How do I deal with communication problems in my marriage?


How do I deal with communication problems in my marriage?

13 Answers

EfrainRidout Answered:

If you have certain lines that the other person shouldn't cross, voice it out. If you need space, you need to demand it before this becomes a problem. Be forthright in having such conversations and keep reminding them or talking to get things corrected. In married life, there isn't a substitute for talking to each other. Nothing works better.

ElbertBlackstock Answered:

Working out things when conflicts arises is what makes a good marriage. Decide about this and make sure you give the time to workout stuff that icks you both. Give feedback and compliments about the progress made. Good or bad when expressed makes a difference instead of not knowing at all. Never hesitate doing such things. Small things matter.

EdmundMcilrath Answered:

Talking is completely different from arguing. Stop aruging and start talking about your issues. Arugments can go on forever so avoid that and talk about fixing problems and finding a solution. Solution is not to shut the other person but a concrete factual and measurable solution that will put a stop to perplexions.

JorgeSontag Answered:

If you do not communicate well, please forget the art of living together. Talk. If you are expressive, it is great. Talk. If you are reserved, it is still ok. Talk more!. Always be ready to talk about something and try not to gulp words ever. This becomes a serious problem after sometime. Talk about differences without supressing it. It is important that you talk even if you hate doing it and even if you think it never works out.

GIBSON Answered:

It's important to take responsibility for your own actions rather than placing blame. Using language that owns your own feelings rather than accusing the other person can help soothe communication issues.

Camilla Answered:

Rather than nagging your spouse, plan a time together to sit down and talk through your issues. Take a blanket to the park or go on a walk where you have no distractions and time to talk privately.

Alice1 Answered:

Write down your feelings so you can clearly articulate and understand them yourself before you approach your spouse to discuss. Try to approach your spouse when you aren't feeling angry or upset in any way. Wait until you cool down, and then approach your spouse with the aim of reconciling, not of winning the argument.

SANCHEZ Answered:

Talk over boundaries if any. If you need your space it is well and good that you ask for it. Never hesitate over these conversations and keep talking over things to get things right. There is no replacement for conversing so keep talking.

ALLEN234 Answered:

When you get into a agreement to workout things by doing things differently, given constant feedback about the efforts made. Even if the other person is doing a good job, giving feedback will help greatlyl. Never hesitate doing this.

YOUNG5 Answered:

Stop arguing over problems. It does not take the conversation anywhere. Instead, try to ask for solutions with each other. We are talking about measurable and concrete facts that will work to end the confusions.

HALL56 Answered:

Lack of communication is one of the biggest problems in a marriage. Lack of conversation over important problems and conflicts become serious over time. Always be ready to talk about differences and problems. Stop trying to supress it as it only leads to frustration and causes a bigger fight.

Marriage_com Answered:

As awkward as it may sound, role playing is a good method of addressing communication problems in a marriage.
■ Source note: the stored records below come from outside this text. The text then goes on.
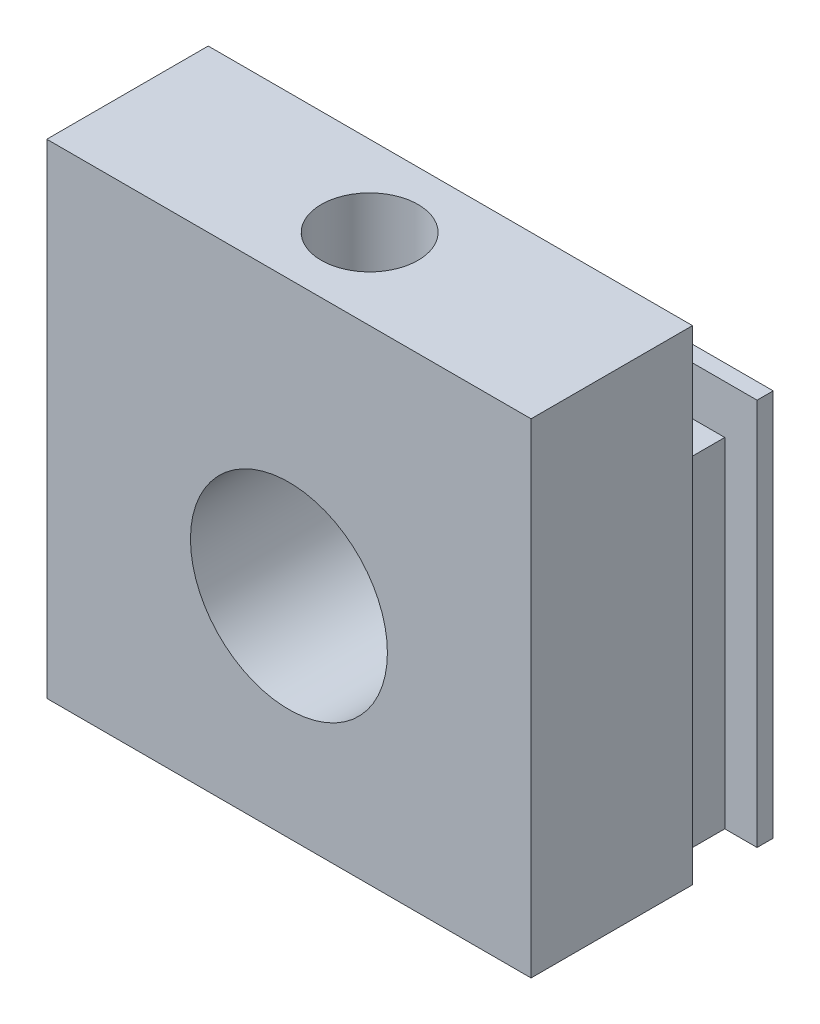
ISO-10303-21;
HEADER;
FILE_DESCRIPTION(('STEP AP214'),'2;1');
FILE_NAME('part.step','',(''),(''),'','','');
FILE_SCHEMA(('AUTOMOTIVE_DESIGN { 1 0 10303 214 1 1 1 1 }'));
ENDSEC;
DATA;
#1=APPLICATION_CONTEXT('core data for automotive mechanical design processes');
#2=APPLICATION_PROTOCOL_DEFINITION('international standard','automotive_design',2000,#1);
#3=PRODUCT_CONTEXT('',#1,'mechanical');
#4=PRODUCT('Part','Part','',(#3));
#5=PRODUCT_RELATED_PRODUCT_CATEGORY('part','',(#4));
#6=PRODUCT_DEFINITION_FORMATION('','',#4);
#7=PRODUCT_DEFINITION_CONTEXT('part definition',#1,'design');
#8=PRODUCT_DEFINITION('design','',#6,#7);
#9=PRODUCT_DEFINITION_SHAPE('','',#8);
#10=(LENGTH_UNIT() NAMED_UNIT(*) SI_UNIT(.MILLI.,.METRE.));
#11=(NAMED_UNIT(*) PLANE_ANGLE_UNIT() SI_UNIT($,.RADIAN.));
#12=(NAMED_UNIT(*) SI_UNIT($,.STERADIAN.) SOLID_ANGLE_UNIT());
#13=UNCERTAINTY_MEASURE_WITH_UNIT(LENGTH_MEASURE(1.E-05),#10,'distance_accuracy_value','');
#14=(GEOMETRIC_REPRESENTATION_CONTEXT(3) GLOBAL_UNCERTAINTY_ASSIGNED_CONTEXT((#13)) GLOBAL_UNIT_ASSIGNED_CONTEXT((#10,
#11,#12)) REPRESENTATION_CONTEXT('',''));
#15=CARTESIAN_POINT('',(0.,0.,0.));
#16=DIRECTION('',(0.,0.,1.));
#17=DIRECTION('',(1.,0.,0.));
#18=AXIS2_PLACEMENT_3D('',#15,#16,#17);
#19=CARTESIAN_POINT('',(0.,0.,0.));
#20=DIRECTION('',(0.,0.,1.));
#21=DIRECTION('',(1.,0.,0.));
#22=AXIS2_PLACEMENT_3D('',#19,#20,#21);
#23=PLANE('',#22);
#24=DIRECTION('',(0.,1.,0.));
#25=VECTOR('',#24,1.);
#26=CARTESIAN_POINT('',(-6.5,-7.5,0.));
#27=LINE('',#26,#25);
#28=CARTESIAN_POINT('',(-6.5,-7.5,0.));
#29=VERTEX_POINT('',#28);
#30=CARTESIAN_POINT('',(-6.5,3.,0.));
#31=VERTEX_POINT('',#30);
#32=EDGE_CURVE('E211',#29,#31,#27,.T.);
#33=ORIENTED_EDGE('',*,*,#32,.F.);
#34=DIRECTION('',(1.,0.,0.));
#35=VECTOR('',#34,1.);
#36=CARTESIAN_POINT('',(-7.5,-7.5,0.));
#37=LINE('',#36,#35);
#38=CARTESIAN_POINT('',(-7.5,-7.5,0.));
#39=VERTEX_POINT('',#38);
#40=EDGE_CURVE('E253',#39,#29,#37,.T.);
#41=ORIENTED_EDGE('',*,*,#40,.F.);
#42=DIRECTION('',(0.,-1.,0.));
#43=VECTOR('',#42,1.);
#44=CARTESIAN_POINT('',(-7.5,7.5,0.));
#45=LINE('',#44,#43);
#46=CARTESIAN_POINT('',(-7.5,7.5,0.));
#47=VERTEX_POINT('',#46);
#48=EDGE_CURVE('E234',#47,#39,#45,.T.);
#49=ORIENTED_EDGE('',*,*,#48,.F.);
#50=DIRECTION('',(-1.,0.,0.));
#51=VECTOR('',#50,1.);
#52=CARTESIAN_POINT('',(-7.5,7.5,0.));
#53=LINE('',#52,#51);
#54=CARTESIAN_POINT('',(7.5,7.5,0.));
#55=VERTEX_POINT('',#54);
#56=EDGE_CURVE('E84',#55,#47,#53,.T.);
#57=ORIENTED_EDGE('',*,*,#56,.F.);
#58=DIRECTION('',(0.,1.,0.));
#59=VECTOR('',#58,1.);
#60=CARTESIAN_POINT('',(7.5,7.5,0.));
#61=LINE('',#60,#59);
#62=CARTESIAN_POINT('',(7.5,-7.5,0.));
#63=VERTEX_POINT('',#62);
#64=EDGE_CURVE('E257',#63,#55,#61,.T.);
#65=ORIENTED_EDGE('',*,*,#64,.F.);
#66=CARTESIAN_POINT('',(6.5,-7.5,0.));
#67=VERTEX_POINT('',#66);
#68=EDGE_CURVE('E252',#67,#63,#37,.T.);
#69=ORIENTED_EDGE('',*,*,#68,.F.);
#70=DIRECTION('',(0.,1.,0.));
#71=VECTOR('',#70,1.);
#72=CARTESIAN_POINT('',(6.5,-7.5,0.));
#73=LINE('',#72,#71);
#74=CARTESIAN_POINT('',(6.5,3.,0.));
#75=VERTEX_POINT('',#74);
#76=EDGE_CURVE('E200',#67,#75,#73,.T.);
#77=ORIENTED_EDGE('',*,*,#76,.T.);
#78=DIRECTION('',(-1.,0.,0.));
#79=VECTOR('',#78,1.);
#80=CARTESIAN_POINT('',(6.5,3.,0.));
#81=LINE('',#80,#79);
#82=EDGE_CURVE('E54',#75,#31,#81,.T.);
#83=ORIENTED_EDGE('',*,*,#82,.T.);
#84=EDGE_LOOP('',(#33,#41,#49,#57,#65,#69,#77,#83));
#85=FACE_BOUND('',#84,.T.);
#86=ADVANCED_FACE('F38',(#85),#23,.F.);
#87=CARTESIAN_POINT('',(-7.5,7.5,5.));
#88=DIRECTION('',(1.,0.,0.));
#89=DIRECTION('',(0.,1.,0.));
#90=AXIS2_PLACEMENT_3D('',#87,#88,#89);
#91=PLANE('',#90);
#92=ORIENTED_EDGE('',*,*,#48,.T.);
#93=DIRECTION('',(0.,0.,-1.));
#94=VECTOR('',#93,1.);
#95=CARTESIAN_POINT('',(-7.5,-7.5,5.));
#96=LINE('',#95,#94);
#97=CARTESIAN_POINT('',(-7.5,-7.5,5.));
#98=VERTEX_POINT('',#97);
#99=EDGE_CURVE('E11',#98,#39,#96,.T.);
#100=ORIENTED_EDGE('',*,*,#99,.F.);
#101=DIRECTION('',(0.,-1.,0.));
#102=VECTOR('',#101,1.);
#103=CARTESIAN_POINT('',(-7.5,7.5,5.));
#104=LINE('',#103,#102);
#105=CARTESIAN_POINT('',(-7.5,7.5,5.));
#106=VERTEX_POINT('',#105);
#107=EDGE_CURVE('E238',#106,#98,#104,.T.);
#108=ORIENTED_EDGE('',*,*,#107,.F.);
#109=DIRECTION('',(0.,0.,-1.));
#110=VECTOR('',#109,1.);
#111=CARTESIAN_POINT('',(-7.5,7.5,5.));
#112=LINE('',#111,#110);
#113=EDGE_CURVE('E248',#106,#47,#112,.T.);
#114=ORIENTED_EDGE('',*,*,#113,.T.);
#115=EDGE_LOOP('',(#92,#100,#108,#114));
#116=FACE_BOUND('',#115,.T.);
#117=ADVANCED_FACE('F40',(#116),#91,.F.);
#118=CARTESIAN_POINT('',(-7.5,-7.5,5.));
#119=DIRECTION('',(0.,1.,0.));
#120=DIRECTION('',(-1.,0.,0.));
#121=AXIS2_PLACEMENT_3D('',#118,#119,#120);
#122=PLANE('',#121);
#123=ORIENTED_EDGE('',*,*,#40,.T.);
#124=DIRECTION('',(0.,0.,1.));
#125=VECTOR('',#124,1.);
#126=CARTESIAN_POINT('',(-6.5,-7.5,-2.));
#127=LINE('',#126,#125);
#128=CARTESIAN_POINT('',(-6.5,-7.5,-2.));
#129=VERTEX_POINT('',#128);
#130=EDGE_CURVE('E225',#129,#29,#127,.T.);
#131=ORIENTED_EDGE('',*,*,#130,.F.);
#132=DIRECTION('',(-1.,0.,0.));
#133=VECTOR('',#132,1.);
#134=CARTESIAN_POINT('',(7.5,-7.5,-2.));
#135=LINE('',#134,#133);
#136=CARTESIAN_POINT('',(-7.5,-7.5,-2.));
#137=VERTEX_POINT('',#136);
#138=EDGE_CURVE('E185',#129,#137,#135,.T.);
#139=ORIENTED_EDGE('',*,*,#138,.T.);
#140=DIRECTION('',(0.,0.,1.));
#141=VECTOR('',#140,1.);
#142=CARTESIAN_POINT('',(-7.5,-7.5,-2.5));
#143=LINE('',#142,#141);
#144=CARTESIAN_POINT('',(-7.5,-7.5,-2.5));
#145=VERTEX_POINT('',#144);
#146=EDGE_CURVE('E160',#145,#137,#143,.T.);
#147=ORIENTED_EDGE('',*,*,#146,.F.);
#148=DIRECTION('',(-1.,0.,0.));
#149=VECTOR('',#148,1.);
#150=CARTESIAN_POINT('',(7.5,-7.5,-2.5));
#151=LINE('',#150,#149);
#152=CARTESIAN_POINT('',(7.5,-7.5,-2.5));
#153=VERTEX_POINT('',#152);
#154=EDGE_CURVE('E145',#153,#145,#151,.T.);
#155=ORIENTED_EDGE('',*,*,#154,.F.);
#156=DIRECTION('',(0.,0.,1.));
#157=VECTOR('',#156,1.);
#158=CARTESIAN_POINT('',(7.5,-7.5,-2.5));
#159=LINE('',#158,#157);
#160=CARTESIAN_POINT('',(7.5,-7.5,-2.));
#161=VERTEX_POINT('',#160);
#162=EDGE_CURVE('E191',#153,#161,#159,.T.);
#163=ORIENTED_EDGE('',*,*,#162,.T.);
#164=CARTESIAN_POINT('',(6.5,-7.5,-2.));
#165=VERTEX_POINT('',#164);
#166=EDGE_CURVE('E170',#161,#165,#135,.T.);
#167=ORIENTED_EDGE('',*,*,#166,.T.);
#168=DIRECTION('',(0.,0.,1.));
#169=VECTOR('',#168,1.);
#170=CARTESIAN_POINT('',(6.5,-7.5,-2.));
#171=LINE('',#170,#169);
#172=EDGE_CURVE('E222',#165,#67,#171,.T.);
#173=ORIENTED_EDGE('',*,*,#172,.T.);
#174=ORIENTED_EDGE('',*,*,#68,.T.);
#175=DIRECTION('',(0.,0.,-1.));
#176=VECTOR('',#175,1.);
#177=CARTESIAN_POINT('',(7.5,-7.5,5.));
#178=LINE('',#177,#176);
#179=CARTESIAN_POINT('',(7.5,-7.5,5.));
#180=VERTEX_POINT('',#179);
#181=EDGE_CURVE('E47',#180,#63,#178,.T.);
#182=ORIENTED_EDGE('',*,*,#181,.F.);
#183=DIRECTION('',(1.,0.,0.));
#184=VECTOR('',#183,1.);
#185=CARTESIAN_POINT('',(-7.5,-7.5,5.));
#186=LINE('',#185,#184);
#187=EDGE_CURVE('E91',#98,#180,#186,.T.);
#188=ORIENTED_EDGE('',*,*,#187,.F.);
#189=ORIENTED_EDGE('',*,*,#99,.T.);
#190=EDGE_LOOP('',(#123,#131,#139,#147,#155,#163,#167,#173,#174,#182,#188,#189));
#191=FACE_BOUND('',#190,.T.);
#192=ADVANCED_FACE('F292',(#191),#122,.F.);
#193=CARTESIAN_POINT('',(7.5,7.5,5.));
#194=DIRECTION('',(-1.,0.,0.));
#195=DIRECTION('',(0.,-1.,0.));
#196=AXIS2_PLACEMENT_3D('',#193,#194,#195);
#197=PLANE('',#196);
#198=ORIENTED_EDGE('',*,*,#64,.T.);
#199=DIRECTION('',(0.,0.,-1.));
#200=VECTOR('',#199,1.);
#201=CARTESIAN_POINT('',(7.5,7.5,5.));
#202=LINE('',#201,#200);
#203=CARTESIAN_POINT('',(7.5,7.5,5.));
#204=VERTEX_POINT('',#203);
#205=EDGE_CURVE('E264',#204,#55,#202,.T.);
#206=ORIENTED_EDGE('',*,*,#205,.F.);
#207=DIRECTION('',(0.,1.,0.));
#208=VECTOR('',#207,1.);
#209=CARTESIAN_POINT('',(7.5,7.5,5.));
#210=LINE('',#209,#208);
#211=EDGE_CURVE('E243',#180,#204,#210,.T.);
#212=ORIENTED_EDGE('',*,*,#211,.F.);
#213=ORIENTED_EDGE('',*,*,#181,.T.);
#214=EDGE_LOOP('',(#198,#206,#212,#213));
#215=FACE_BOUND('',#214,.T.);
#216=ADVANCED_FACE('F271',(#215),#197,.F.);
#217=CARTESIAN_POINT('',(-7.5,7.5,5.));
#218=DIRECTION('',(0.,-1.,0.));
#219=DIRECTION('',(0.,0.,-1.));
#220=AXIS2_PLACEMENT_3D('',#217,#218,#219);
#221=PLANE('',#220);
#222=CARTESIAN_POINT('',(0.,7.5,2.5));
#223=DIRECTION('',(0.,1.,0.));
#224=DIRECTION('',(0.,0.,1.));
#225=AXIS2_PLACEMENT_3D('',#222,#223,#224);
#226=CIRCLE('',#225,1.5);
#227=CARTESIAN_POINT('',(0.,7.5,4.));
#228=VERTEX_POINT('',#227);
#229=EDGE_CURVE('E221',#228,#228,#226,.T.);
#230=ORIENTED_EDGE('',*,*,#229,.F.);
#231=EDGE_LOOP('',(#230));
#232=FACE_BOUND('',#231,.T.);
#233=ORIENTED_EDGE('',*,*,#56,.T.);
#234=ORIENTED_EDGE('',*,*,#113,.F.);
#235=DIRECTION('',(-1.,0.,0.));
#236=VECTOR('',#235,1.);
#237=CARTESIAN_POINT('',(-7.5,7.5,5.));
#238=LINE('',#237,#236);
#239=EDGE_CURVE('E63',#204,#106,#238,.T.);
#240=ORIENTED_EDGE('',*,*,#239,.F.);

Find a trusted friend to “stand-in” for your partner. With the friend in place, practice articulating marital issues,concerns, and opportunities using the “I first” language. Have the stand-in voice issues, opportunities, and concerns as well, and practice receiving this information using responses that begin with, “I hear you saying…” “I first” approaches reduce the risk of blaming, name calling, and the like. If you or your partner uses belittling and intimidation to communicate, you have bigger problems than a temporary inability to express joy and frustration.

Sparkle Answered:

Be aware that most of the communication problems are based on misunderstanding. Express yourself clearly and do not expect him to understand you without words.